_Work item:_ All of the records below are to be printed exactly; the pictures are to be left out.

_Record extracts:_

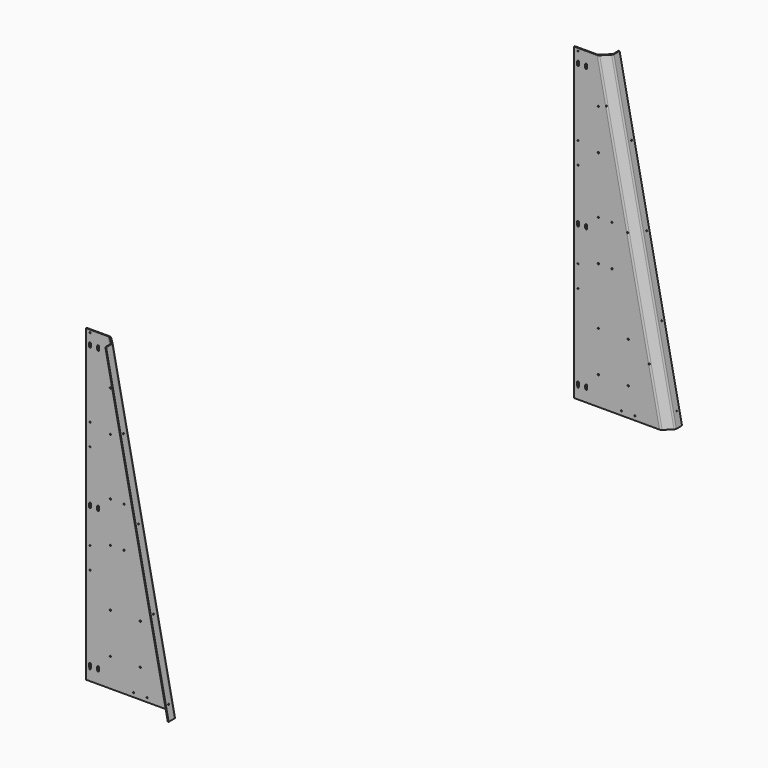
from build123d import *

# Parameters (mm, degrees)
F1_DEPTH  = 60
F2_T      = -3
F3_SIZE   = 30
F4_R      = 10
F6_R      = 2.5
F7_DEPTH  = 25
F8_D      = 4.1
F8_DEPTH  = 5
F8_TIP    = 1.231764269
F10_DEPTH = 25
F12_R     = 2.05
F13_DEPTH = 25


with BuildPart() as f1:
    # F0 (on Front) → F1 (new body)
    with BuildSketch(Plane.XZ):
        Polygon((0, 1140), (0, 0), (350, 0), (120, 1140), align=None)
    extrude(amount=-F1_DEPTH)

    # F2
    f2_openings = [f1.faces().sort_by_distance(p)[0] for p in [
        (60, 30, 1140),
        (0, 30, 570),
        (126.879433, 60, 477.021277),
        (175, 30, 0),
    ]]
    offset(amount=F2_T, openings=f2_openings)

    # F3
    f3_edges = [f1.edges().sort_by_distance(p)[0] for p in [
        (235, 0, 570),
        (231.939552, 3, 570),
    ]]
    chamfer(f3_edges, length=F3_SIZE)

    # F4
    f4_edges = [f1.edges().sort_by_distance(p)[0] for p in [
        (204.395518, 0, 570),
        (235, 30, 570),
        (201.335069, 3, 570),
        (231.939552, 33, 570),
    ]]
    fillet(f4_edges, radius=F4_R)

    # F6 (on face) → F7 (cut)
    with BuildSketch(Plane.XZ):
        with Locations((90, 105)):
            Circle(F6_R)
        with Locations((200, 105)):
            Circle(F6_R)
        with Locations((200, 255)):
            Circle(F6_R)
        with Locations((90, 255)):
            Circle(F6_R)
        with Locations((90, 465)):
            Circle(F6_R)
        with Locations((90, 615)):
            Circle(F6_R)
        with Locations((140, 465)):
            Circle(F6_R)
        with Locations((140, 615)):
            Circle(F6_R)
        with Locations((90, 825)):
            Circle(F6_R)
        with Locations((90, 975)):
            Circle(F6_R)
        with Locations((225, 15)):
            Circle(F6_R)
        with Locations((175, 15)):
            Circle(F6_R)
    extrude(amount=-F7_DEPTH, mode=Mode.SUBTRACT)

    # F8
    with Locations(Plane(origin=(336.3105360444, 0, 67.8521256932), x_dir=(0, 1, 0), z_dir=(0.9802485633, 0, 0.197769447))):
        with Locations((48, -19.2193064432), (48, 260.7806935568), (48, 540.7806935568), (48, 820.7806935568), (48, 1100.7806935568)):
            Hole(F8_D / 2, depth=F8_DEPTH)
            with Locations((0, 0, -(F8_DEPTH + F8_TIP / 2))):  # 118° drill point
                Cone(0, F8_D / 2, F8_TIP, mode=Mode.SUBTRACT)

    # F9 (on face) → F10 (cut)
    with BuildSketch(Plane.XZ):
        with BuildLine():
            ThreePointArc((11.5, 44.5), (15, 41), (18.5, 44.5))
            Line((18.5, 44.5), (18.5, 55.5))
            ThreePointArc((18.5, 55.5), (15, 59), (11.5, 55.5))
            Line((11.5, 55.5), (11.5, 44.5))
        make_face()
        with BuildLine():
            ThreePointArc((41.5, 44.5), (45, 41), (48.5, 44.5))
            Line((48.5, 44.5), (48.5, 55.5))
            ThreePointArc((48.5, 55.5), (45, 59), (41.5, 55.5))
            Line((41.5, 55.5), (41.5, 44.5))
        make_face()
        with BuildLine():
            ThreePointArc((48.5, 575.5), (45, 579), (41.5, 575.5))
            Line((41.5, 575.5), (41.5, 564.5))
            ThreePointArc((41.5, 564.5), (45, 561), (48.5, 564.5))
            Line((48.5, 564.5), (48.5, 575.5))
        make_face()
        with BuildLine():
            Line((11.5, 575.5), (11.5, 564.5))
            ThreePointArc((11.5, 564.5), (15, 561), (18.5, 564.5))
            Line((18.5, 564.5), (18.5, 575.5))
            ThreePointArc((18.5, 575.5), (15, 579), (11.5, 575.5))
        make_face()
        with BuildLine():
            ThreePointArc((48.5, 1095.5), (45, 1099), (41.5, 1095.5))
            Line((41.5, 1095.5), (41.5, 1084.5))
            ThreePointArc((41.5, 1084.5), (45, 1081), (48.5, 1084.5))
            Line((48.5, 1084.5), (48.5, 1095.5))
        make_face()
        with BuildLine():
            Line((11.5, 1095.5), (11.5, 1084.5))
            ThreePointArc((11.5, 1084.5), (15, 1081), (18.5, 1084.5))
            Line((18.5, 1084.5), (18.5, 1095.5))
            ThreePointArc((18.5, 1095.5), (15, 1099), (11.5, 1095.5))
        make_face()
    extrude(amount=-F10_DEPTH, mode=Mode.SUBTRACT)

    # F12 (on face) → F13 (cut)
    with BuildSketch(Plane.XZ):
        with Locations((15, 40)):
            Circle(F12_R)
        with Locations((277, 200)):
            Circle(F12_R)
        with Locations((15, 360)):
            Circle(F12_R)
        with Locations((15, 440)):
            Circle(F12_R)
        with Locations((15, 760)):
            Circle(F12_R)
        with Locations((15, 840)):
            Circle(F12_R)
        with Locations((15, 1130)):
            Circle(F12_R)
        with Locations((197, 600)):
            Circle(F12_R)
        with Locations((119, 985)):
            Circle(F12_R)
    extrude(amount=-F13_DEPTH, mode=Mode.SUBTRACT)


with BuildPart() as f14_1:
    # F14: instance of F1
    add(f1.part.mirror(Plane.XZ.offset(1122)))


solid = Compound([f1.part, f14_1.part])

_Solution:_
from build123d import *

# Parameters (mm, degrees)
F1_DEPTH  = 60
F2_T      = -3
F3_SIZE   = 30
F4_R      = 10
F6_R      = 2.5
F7_DEPTH  = 25
F8_D      = 4.1
F8_DEPTH  = 5
F8_TIP    = 1.231764269
F10_DEPTH = 25
F12_R     = 2.05
F13_DEPTH = 25


with BuildPart() as f1:
    # F0 (on Front) → F1 (new body)
    with BuildSketch(Plane.XZ):
        Polygon((0, 1140), (0, 0), (350, 0), (120, 1140), align=None)
    extrude(amount=-F1_DEPTH)

    # F2
    f2_openings = [f1.faces().sort_by_distance(p)[0] for p in [
        (60, 30, 1140),
        (0, 30, 570),
        (126.879433, 60, 477.021277),
        (175, 30, 0),
    ]]
    offset(amount=F2_T, openings=f2_openings)

    # F3
    f3_edges = [f1.edges().sort_by_distance(p)[0] for p in [
        (235, 0, 570),
        (231.939552, 3, 570),
    ]]
    chamfer(f3_edges, length=F3_SIZE)

    # F4
    f4_edges = [f1.edges().sort_by_distance(p)[0] for p in [
        (204.395518, 0, 570),
        (235, 30, 570),
        (201.335069, 3, 570),
        (231.939552, 33, 570),
    ]]
    fillet(f4_edges, radius=F4_R)

    # F6 (on face) → F7 (cut)
    with BuildSketch(Plane.XZ):
        with Locations((90, 105)):
            Circle(F6_R)
        with Locations((200, 105)):
            Circle(F6_R)
        with Locations((200, 255)):
            Circle(F6_R)
        with Locations((90, 255)):
            Circle(F6_R)
        with Locations((90, 465)):
            Circle(F6_R)
        with Locations((90, 615)):
            Circle(F6_R)
        with Locations((140, 465)):
            Circle(F6_R)
        with Locations((140, 615)):
            Circle(F6_R)
        with Locations((90, 825)):
            Circle(F6_R)
        with Locations((90, 975)):
            Circle(F6_R)
        with Locations((225, 15)):
            Circle(F6_R)
        with Locations((175, 15)):
            Circle(F6_R)
    extrude(amount=-F7_DEPTH, mode=Mode.SUBTRACT)

    # F8
    with Locations(Plane(origin=(336.3105360444, 0, 67.8521256932), x_dir=(0, 1, 0), z_dir=(0.9802485633, 0, 0.197769447))):
        with Locations((48, -19.2193064432), (48, 260.7806935568), (48, 540.7806935568), (48, 820.7806935568), (48, 1100.7806935568)):
            Hole(F8_D / 2, depth=F8_DEPTH)
            with Locations((0, 0, -(F8_DEPTH + F8_TIP / 2))):  # 118° drill point
                Cone(0, F8_D / 2, F8_TIP, mode=Mode.SUBTRACT)

    # F9 (on face) → F10 (cut)
    with BuildSketch(Plane.XZ):
        with BuildLine():
            ThreePointArc((11.5, 44.5), (15, 41), (18.5, 44.5))
            Line((18.5, 44.5), (18.5, 55.5))
            ThreePointArc((18.5, 55.5), (15, 59), (11.5, 55.5))
            Line((11.5, 55.5), (11.5, 44.5))
        make_face()
        with BuildLine():
            ThreePointArc((41.5, 44.5), (45, 41), (48.5, 44.5))
            Line((48.5, 44.5), (48.5, 55.5))
            ThreePointArc((48.5, 55.5), (45, 59), (41.5, 55.5))
            Line((41.5, 55.5), (41.5, 44.5))
        make_face()
        with BuildLine():
            ThreePointArc((48.5, 575.5), (45, 579), (41.5, 575.5))
            Line((41.5, 575.5), (41.5, 564.5))
            ThreePointArc((41.5, 564.5), (45, 561), (48.5, 564.5))
            Line((48.5, 564.5), (48.5, 575.5))
        make_face()
        with BuildLine():
            Line((11.5, 575.5), (11.5, 564.5))
            ThreePointArc((11.5, 564.5), (15, 561), (18.5, 564.5))
            Line((18.5, 564.5), (18.5, 575.5))
            ThreePointArc((18.5, 575.5), (15, 579), (11.5, 575.5))
        make_face()
        with BuildLine():
            ThreePointArc((48.5, 1095.5), (45, 1099), (41.5, 1095.5))
            Line((41.5, 1095.5), (41.5, 1084.5))
            ThreePointArc((41.5, 1084.5), (45, 1081), (48.5, 1084.5))
            Line((48.5, 1084.5), (48.5, 1095.5))
        make_face()
        with BuildLine():
            Line((11.5, 1095.5), (11.5, 1084.5))
            ThreePointArc((11.5, 1084.5), (15, 1081), (18.5, 1084.5))
            Line((18.5, 1084.5), (18.5, 1095.5))
            ThreePointArc((18.5, 1095.5), (15, 1099), (11.5, 1095.5))
        make_face()
    extrude(amount=-F10_DEPTH, mode=Mode.SUBTRACT)

    # F12 (on face) → F13 (cut)
    with BuildSketch(Plane.XZ):
        with Locations((15, 40)):
            Circle(F12_R)
        with Locations((277, 200)):
            Circle(F12_R)
        with Locations((15, 360)):
            Circle(F12_R)
        with Locations((15, 440)):
            Circle(F12_R)
        with Locations((15, 760)):
            Circle(F12_R)
        with Locations((15, 840)):
            Circle(F12_R)
        with Locations((15, 1130)):
            Circle(F12_R)
        with Locations((197, 600)):
            Circle(F12_R)
        with Locations((119, 985)):
            Circle(F12_R)
    extrude(amount=-F13_DEPTH, mode=Mode.SUBTRACT)


with BuildPart() as f14_1:
    # F14: instance of F1
    add(f1.part.mirror(Plane.XZ.offset(1122)))


solid = Compound([f1.part, f14_1.part])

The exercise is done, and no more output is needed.